I’ve mentioned before the power photographs have in selling your horses, lesson program and training services. The evolution of digital photography has made taking photographs simple, inexpensive and lighting fast.
I know what a sliding stop is but don’t ask me to explain an f-stop. If you’re a novice photographer like me, you can point and shoot and get electronic images with ease. And if you’re also like me, the process of sending images (photos) via e-mail and posting them to your website is, pardon the pun, out of focus.
Sometimes, the images are gigantic on my computer screen as if I switched on microscope mode. Where did my horse go? There is just a gigantic eyeball staring at me.
Other times, when I want to e-mail a set of photos, the transmission of the e-mail with attached images takes so long I can go out for breakfast and return before the transmission finishes.
A call to my friend Eric Grapengeter in Colorado, a horseman and technical expert with computers, helped demystify the management of photos (digital images).

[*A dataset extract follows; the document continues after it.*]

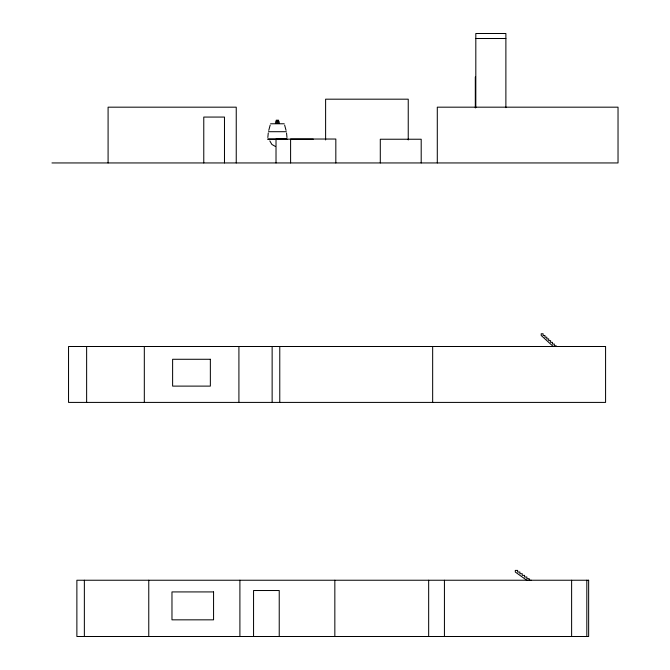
<?xml version="1.0" encoding="UTF-8"?>
<svg xmlns="http://www.w3.org/2000/svg" width="670" height="670" viewBox="0 0 670 670"><rect width="100%" height="100%" fill="white"/><g stroke="black" fill="none" stroke-linecap="round" stroke-linejoin="round"><path stroke-width="1" d="M267.833 137.484L268.268 132.978M268.771 130.365L270.169 125.072M475.817 38.508L505.883 38.508M276.174 120.198L278.628 120.198M276.174 120.759L278.628 120.759M276.174 121.111L278.628 121.111M275.37 121.881L279.44 121.881M275.37 122.937L279.44 122.937M270.596 123.774L284.206 123.774M268.494 131.705L286.316 131.705M267.816 138.858L286.986 138.858M313.267 139.167L276.015 139.167L276.015 162.944M267.824 139.419L286.978 139.419M51.967 162.944L618.033 162.944L618.033 107.175L437.292 107.175L437.292 162.944M556.209 345.779L554.341 345.779L554.341 344.062L552.465 344.062L552.465 342.345L550.589 342.345L550.589 340.628L548.713 340.628L548.713 338.911L546.837 338.911L546.837 337.194L544.961 337.194L544.961 335.477L543.085 335.477L543.085 333.76L541.209 333.76L541.209 335.477L553.336 346.583M531.494 580.32L529.183 580.32L529.183 578.671L526.863 578.671L526.863 577.012L524.551 577.012L524.551 575.363L522.24 575.363L522.24 573.713L519.928 573.713L519.928 572.054L517.617 572.054L517.617 570.405L515.305 570.405L515.305 572.054L527.131 580.513M275.37 146.454L271.844 144.418L269.817 140.893M284.633 125.072L286.04 130.365M286.542 132.978L286.969 137.484M586.819 580.237L586.819 636.5M571.619 580.237L571.619 636.5M505.883 107.669L505.883 33.5L475.817 33.5L475.817 107.669M475.306 76.933L475.306 107.912M444.428 580.237L444.428 636.5M432.661 346.499L432.661 402.41M428.666 580.237L428.666 636.5M421.196 162.944L421.196 139.234L380.292 139.234L380.292 162.944M408.239 139.946L408.239 99.185L325.612 99.185L325.612 139.946M335.829 162.944L335.829 139.033L290.596 139.033L290.596 162.944M334.841 580.237L334.841 636.5M279.775 346.499L279.775 402.41M279.231 636.5L279.231 590.521L253.553 590.521L253.553 636.5M272.137 346.499L272.137 402.41M239.902 580.237L239.902 636.5M238.914 346.499L238.914 402.41M236.242 162.944L236.242 107.175L108.088 107.175L108.088 162.944M224.475 162.944L224.475 117.066L203.772 117.066L203.772 162.944M148.765 580.237L148.765 636.5M144.318 346.499L144.318 402.41M86.631 346.499L86.631 402.41M84.361 580.237L84.361 636.5M605.58 346.499L68.541 346.499L68.541 402.41L605.58 402.41L605.58 346.499M210.355 359.279L172.617 359.279L172.617 386.113L210.355 386.113L210.355 359.279M588.645 580.237L76.874 580.237L76.874 636.5L588.645 636.5L588.645 580.237M213.562 591.92L171.972 591.92L171.972 619.834L213.562 619.834L213.562 591.92"/></g></svg>

We talked for over an hour about digital images and how to work with them. Here is the skinny version of what he told me.
Photos direct from the camera are highly detailed which gives them the high resolution required for printing. But, high resolution photos are a curse for displaying images on a computer screen. They load at the speed of dark; it takes forever. And forever on a computer screen is over four seconds.
Eric told me that the trick is to resize your photos from megabyte size down to 100 kilobytes (kb). By optimizing the photos in a .jpeg or .gif format, you’ve got an image that will load quickly on your website page or lighting fast as an e-mail attachment.
The steps are easy:
- Load your image of your horse, Flicka, into the software that came with your digital camera or other photo software you have.
- Find the resize option.
- Select inches (like 3″ x 5″) or pixels (like 800 x 600 pixels)
- Save as a new smaller file named “3x5__Flicka”.
- E-mail it to your prospect or send to your webmaster for loading on your site and you are done.
Eric warned me that the resizing process is time consuming if you are doing more than one photo. He runs an online tack store and uploads wagon loads of product photos. Being a geek, he wrote a resizing program to handle “batches of photos” more efficiently.
Later, being an astute business person, he found commercially available software for less than $20.00 to do his entire batch processing even better than his own program. Click here if you are interested in learning more about fast and simple photograph resizing on his website.
Use your photographs of horses, your facility, your clients and your events as a powerful sales tool for increasing profits.